頭蓋で下顎骨が関節をなすのはどれか (2013年 鍼灸 問題17)
1 × 口蓋骨
口蓋骨は、上顎骨の直後にあって、水平と垂直の板からなるL字型の骨で、左右1対ある。水平板は口蓋の後方部、垂直板は鼻腔の側壁後方部をつくる。口蓋骨の後縁は蝶形骨の翼状突起と連結する。
2 × 上顎骨
上顎骨は、複雑な形をした左右1対の大きな骨である。左右の上顎骨が合して、顔面の中央部を形成することで、眼窩・鼻腔・口蓋の構成に大きく関与する。
眼窩の下壁と鼻腔の側壁をつくるのは体部であり、内部に、大きく広がる上顎洞がある。体部の前方には、眼窩下孔が開く。
体部からは前頭骨と結合する前頭突起、頬骨と結合する頬骨突起、歯の並ぶ歯槽突起、口腔の天井をなす口蓋突起の4つの突起が出る。左右の口蓋突起が合して、骨口蓋の主体をなし、その縫合線の上に切歯孔が開く。また、口蓋突起の後縁では口蓋骨と縫合をなし、縫合部には大口蓋孔が開く。
3 ○ 側頭骨
側頭骨は、頭蓋の外側壁をなす左右1対の複雑な形をした骨である。発生学的には3つの部分、すなわち、鱗部・鼓室部・岩様部からなる。これら3部が癒合して単一の骨となるのは生後1年ほど経ってからである。

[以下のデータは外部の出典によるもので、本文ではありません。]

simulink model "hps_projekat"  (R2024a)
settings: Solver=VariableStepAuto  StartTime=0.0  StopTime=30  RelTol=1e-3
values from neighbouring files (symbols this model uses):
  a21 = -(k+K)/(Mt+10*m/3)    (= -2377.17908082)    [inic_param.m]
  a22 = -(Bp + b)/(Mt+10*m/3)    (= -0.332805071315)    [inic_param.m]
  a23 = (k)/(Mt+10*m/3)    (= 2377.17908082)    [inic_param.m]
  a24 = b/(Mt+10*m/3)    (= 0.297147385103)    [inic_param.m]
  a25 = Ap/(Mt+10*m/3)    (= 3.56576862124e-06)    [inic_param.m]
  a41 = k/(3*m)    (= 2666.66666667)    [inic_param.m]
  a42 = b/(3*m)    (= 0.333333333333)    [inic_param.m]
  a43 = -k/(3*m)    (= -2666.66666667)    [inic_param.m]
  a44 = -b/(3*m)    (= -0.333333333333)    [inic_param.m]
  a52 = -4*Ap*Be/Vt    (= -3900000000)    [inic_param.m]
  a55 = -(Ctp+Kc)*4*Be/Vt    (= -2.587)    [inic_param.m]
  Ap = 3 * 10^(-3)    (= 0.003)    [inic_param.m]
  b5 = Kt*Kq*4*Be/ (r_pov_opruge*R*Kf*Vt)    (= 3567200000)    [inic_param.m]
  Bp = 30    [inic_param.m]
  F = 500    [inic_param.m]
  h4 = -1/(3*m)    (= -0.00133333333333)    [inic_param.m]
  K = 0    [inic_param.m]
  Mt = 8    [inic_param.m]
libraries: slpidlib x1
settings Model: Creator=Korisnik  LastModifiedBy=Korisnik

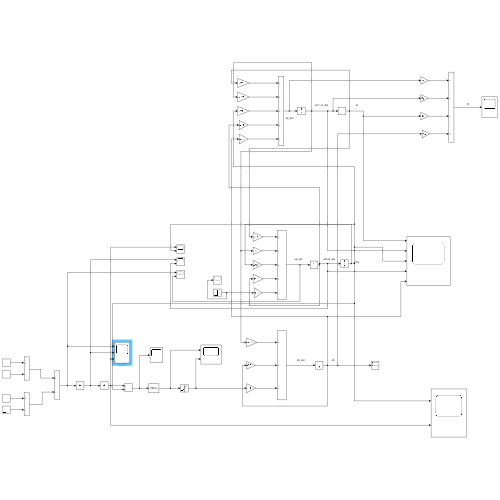
[thumbnail: Simulink's stored preview of the top-level diagram]
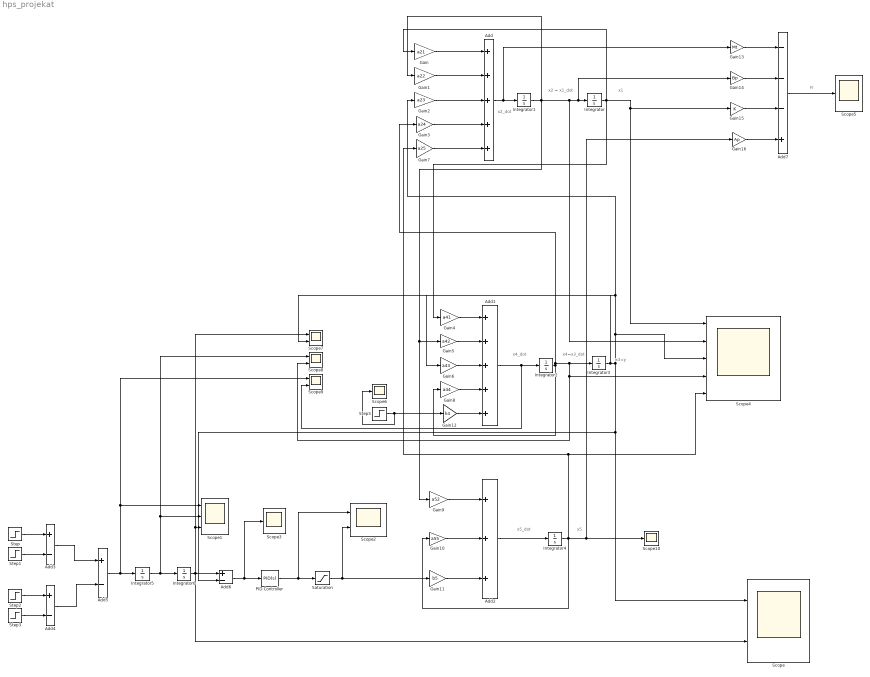
== system hps_projekat ==
  note: Fl
  note: x5_dot
  note: x4=x3_dot
  note: x2_dot
  note: x5
  note: x4_dot
  note: x3=y
  note: x1
  note: x2 = x1_dot
  Add : Sum  Inputs=+++++
  Add1 : Sum  Inputs=+++++
  Add2 : Sum  Inputs=+++
  Add{3..6} (4 alike) : Sum  Inputs=+-
  Add7 : Sum  Inputs=---+
  Gain : Gain  Gain=a21
  Gain1 : Gain  Gain=a22
  Gain10 : Gain  Gain=a55
  Gain11 : Gain  Gain=b5
  Gain12 : Gain  Gain=h4
  Gain13 : Gain  Gain=Mt
  Gain14 : Gain  Gain=Bp
  Gain15 : Gain  Gain=K
  Gain16 : Gain  Gain=Ap
  Gain2 : Gain  Gain=a23
  Gain3 : Gain  Gain=a24
  Gain4 : Gain  Gain=a41
  Gain5 : Gain  Gain=a42
  Gain6 : Gain  Gain=a43
  Gain7 : Gain  Gain=a25
  Gain8 : Gain  Gain=a44
  Gain9 : Gain  Gain=a52
  Integrator{,1..6} (7 alike) : Integrator
  PID Controller : slpidlib/PID Controller  Controller=PID  Form=Parallel  TimeDomain=Continuous-time  UseExternalTs=off  SampleTime=-1  IntegratorMethod=Forward Euler  FilterMethod=Forward Euler  ControllerParametersSource=internal  P=0.69*0.6  I=0.69*0.6*2/0.1335  UseKiTs=off  D=0.69*0.6*0.1335/8  UseExternalDerivativeSource=off  N=100  UseFilter=on  TunerSelectOption=Transfer Function Based (PID Tuner App)  InitialConditionSource=internal  InitialConditionForIntegrator=0  InitialConditionForFilter=0  DifferentiatorICPrevScaledInput=0  ExternalReset=none  TrackingMode=off  Kt=1  LimitOutput=off  SatLimitsSource=internal  UpperSaturationLimit=inf  LowerSaturationLimit=-inf  LinearizeAsGain=on  AntiWindupMode=none  Kb=1  LimitIntegrator=off  UpperIntegratorSaturationLimit=inf  LowerIntegratorSaturationLimit=-inf  POutMin=[]  POutMax=[]  IOutMin=[]  IOutMax=[]  DOutMin=[]  DOutMax=[]  NOutMin=[]  NOutMax=[]  SumOutMin=[]  SumOutMax=[]  SaturationOutMin=[]  SaturationOutMax=[]  PParamMin=[]  PParamMax=[]  IParamMin=[]  IParamMax=[]  DParamMin=[]  DParamMax=[]  NParamMin=[]  NParamMax=[]  KbParamMin=[]  KbParamMax=[]  KtParamMin=[]  KtParamMax=[]  KbOutMin=[]  KbOutMax=[]  KtOutMin=[]  KtOutMax=[]  IntegratorOutMin=[]  IntegratorOutMax=[]  FilterOutMin=[]  FilterOutMax=[]  SumI1OutMin=[]  SumI1OutMax=[]  SumI2OutMin=[]  SumI2OutMax=[]  SumI3OutMin=[]  SumI3OutMax=[]  SumI4OutMin=[]  SumI4OutMax=[]  SumDOutMin=[]  SumDOutMax=[]  DifferentiatorOutMin=[]  DifferentiatorOutMax=[]  FilterDiffOutCoefMin=[]  FilterDiffOutCoefMax=[]  ReciprocalOutMin=[]  ReciprocalOutMax=[]  SumDenOutMin=[]  SumDenOutMax=[]  SumNumOutMin=[]  SumNumOutMax=[]  DivideOutMin=[]  DivideOutMax=[]  UdiffTsProdOutMin=[]  UdiffTsProdOutMax=[]  NTsProdOutMin=[]  NTsProdOutMax=[]  UintegralTsProdOutMin=[]  UintegralTsProdOutMax=[]  UngainTsProdOutMin=[]  UngainTsProdOutMax=[]  ClampingZeroOutDataTypeStr=Inherit: Inherit via back propagation  ClampingZeroOutMin=[]  ClampingZeroOutMax=[]  FilterDenConstantOutDataTypeStr=Inherit: Inherit via back propagation  FilterDenConstantOutMin=[]  FilterDenConstantOutMax=[]  PCopyOutDataTypeStr=Inherit: Inherit via back propagation  PCopyOutMin=[]  PCopyOutMax=[]  NCopyOutDataTypeStr=Inherit: Inherit via back propagation  NCopyOutMin=[]  NCopyOutMax=[]  IntegratorContinuousStateAttributes=''  IntegratorStateMustResolveToSignalObject=off  IntegratorRTWStateStorageClass=Auto  FilterContinuousStateAttributes=''  FilterStateMustResolveToSignalObject=off  FilterRTWStateStorageClass=Auto  ParallelPVariant=InternalParameters  IdealPVariant=Disabled  IVariant=InternalParameters  DVariant=InternalParameters  IntegratorVariant=Continuous  SatVariant=Disabled  AWVariant=Passthrough  PCopyVariant=Disabled  TRVariant=Disabled  FdbkBlocksVariant=Forward  IdealPFdbkVariant=Disabled  SatFdbkVariant=Disabled  DerivativeFilterVariant=ContFilter  NVariant=InternalParameters  NCopyVariant=Disabled  FilterICVariant=InternalICsFilter  IntegratorICVariant=InternalICs  ExternalResetVariant=Disabled  TRSumVariant=Passthrough  SumFdbkVariant=Disabled  SumVariant=Sum_PID  TsampFilterVariant=InternalTs  TsampNgainVariant=Passthrough  TsampIntegralVariant=Disabled_SignalSpec  ExternalSaturationOutDataTypeStr=Inherit: Same as second input  DerivativeSourceVariant=ErrorSignal
  Saturation : Saturate  UpperLimit=24  LowerLimit=-24
  Scope{,2,7..9} (5 alike) : Scope  NumInputPorts=2
  Scope1 : Scope  NumInputPorts=3
  Scope{3,5..6,10} (4 alike) : Scope
  Scope4 : Scope  NumInputPorts=5
  Step : Step  After=1.5686  SampleTime=0
  Step1 : Step  Time=1.45  After=1.5686  SampleTime=0
  Step2 : Step  Time=3.55  After=1.5686  SampleTime=0
  Step3 : Step  Time=4  After=1.5686  SampleTime=0
  Step5 : Step  After=F  SampleTime=0
  wires:
  Integrator3/1 -> Scope7/2, Add6/2, Scope/1, Gain6/1, Gain2/1, Scope4/3
  Gain11/1 -> Add2/3
  Add2/1 -> Integrator4/1
  Integrator2/1 -> Gain3/1, Scope8/2, Scope4/4, Integrator3/1, Gain8/1
  Integrator4/1 -> Scope10/1, Gain16/1, Scope4/5, Gain7/1, Gain10/1
  Gain8/1 -> Add1/4
  Gain3/1 -> Add/4
  Gain7/1 -> Add/5
  Gain/1 -> Add/1
  Gain5/1 -> Add1/2
  Add/1 -> Integrator1/1, Gain13/1
  Gain2/1 -> Add/3
  Integrator/1 -> Gain/1, Gain15/1, Scope4/1, Gain4/1
  Gain10/1 -> Add2/2
  Gain4/1 -> Add1/1
  Integrator1/1 -> Gain9/1, Gain5/1, Gain1/1, Gain14/1, Integrator/1, Scope4/2
  Add1/1 -> Scope9/2, Integrator2/1
  Gain9/1 -> Add2/1
  Gain6/1 -> Add1/3
  Gain1/1 -> Add/2
  Integrator6/1 -> Scope/2, Scope7/1, Scope1/3, Add6/1
  Step3/1 -> Add4/2
  Integrator5/1 -> Scope8/1, Scope1/2, Integrator6/1
  Add4/1 -> Add5/2
  Add3/1 -> Add5/1
  Step/1 -> Add3/1
  Add5/1 -> Scope9/1, Scope1/1, Integrator5/1
  Step1/1 -> Add3/2
  Step2/1 -> Add4/1
  Add6/1 -> PID Controller/1, Scope3/1
  Saturation/1 -> Gain11/1, Scope2/2
  Gain12/1 -> Add1/5
  Step5/1 -> Scope6/1, Gain12/1
  Gain16/1 -> Add7/4
  Gain15/1 -> Add7/3
  Gain14/1 -> Add7/2
  Gain13/1 -> Add7/1
  Add7/1 -> Scope5/1
  PID Controller/1 -> Scope2/1, Saturation/1

鱗部は、扁平で丸い輪郭を持った“うろこ”のような部分で、外耳孔の上前方部に広がる。上部は鱗状縫合により頭頂骨と接して頭蓋冠の一部をなし、前方部からは、頬骨と結合するための頬骨突起が伸びて、頬骨弓の後半部をなす。頬骨突起の基部下面には下顎窩がある。下顎骨の関節突起の先端が下顎頭して丸くなり、下顎窩にはまって顎関節を形成する。
鼓室部は、雨どいのような半管状の小さな骨で、外耳道および鼓室の底をなす。
岩様部は錐体部と乳突部からなる。錐体部は後頭骨と蝶形骨大翼との間を内側前方に伸び、上面は内頭蓋底の錐体となって隆起して中頭蓋窩と後頭蓋窩を仕切る。表面には内耳孔が開き、内部に内耳(蝸牛・前庭・半規管)をおさめるほか、頸動脈管が貫通する。一方、乳突部は錐体部の外側下方に大きく膨隆して、鱗部の後方に達し、側頭骨外面で乳様突起をつくる。乳様突起は耳の後方に触れ、体表上の目印になるほか、内部には鼓室から続く乳突蜂巣という多数の小胞が広がる。
さらに、岩様部の下面からは、下前方に茎状突起が伸びる。その基部には茎乳突孔が開く。
外耳孔を入り、外耳道を通ると鼓室に突き当たる。鼓室は中耳の主体をなし、3個の耳小骨(ツチ骨・キヌタ骨・アブミ骨)が並ぶ。鼓室の前方は耳管に、後方は乳突蜂巣に続く。鼓室の壁の奥には、内耳が存在する。
4 × 蝶形骨
蝶形骨は、頭蓋腔の中央に位置する骨で、チョウが羽を広げたような形をしている。中央部はチョウの胴体に対応し、蝶形骨体という。体の上面にはトルコ鞍がある。体の前方は後鼻孔の上縁をなし、体の内部には鼻腔と連絡する1対の蝶形骨洞がある。体の後方は後頭骨と結合し斜台を構成する。
体の両脇からは、左右1対の小翼と大翼が伸びる。小翼は前頭蓋窩の後縁をなし、基部には視神経管が開く。大翼は中頭蓋窩の主体である。小翼よりも下方に位置するので、小翼との間に上眼窩裂が開く。また、大翼には正円孔・卵円孔・棘孔が開く。
下方にも1対の翼状突起が伸びる。翼状突起は鼻腔の外側壁の後方部をつくり、突起の基部には翼突管が開く。
顎関節
顎関節は、下顎骨の関節突起先端の下顎頭が側頭骨の下顎窩にはまって関節をなしたもので、左右1対ある。関節内には主に線維軟骨でできた関節円板があって、関節包に付着する。関節包は緩く、外側・内側で靱帯によって補強される。機能的に、顎関節は左右の1対が共同して働く。その運動は以下の3つに分けられる。(p.210 頭部の関節・顎関節)
- 上下運動:口の開閉であり、食物を噛み切る動作である。
- 前進-後退:下顎頭を前に引き出す動作は、開口のきっかけとなる。このとき、下顎頭とともに関節円板も前に引き出される。
- 側方への回旋:咀嚼の際の磨り潰し運動である。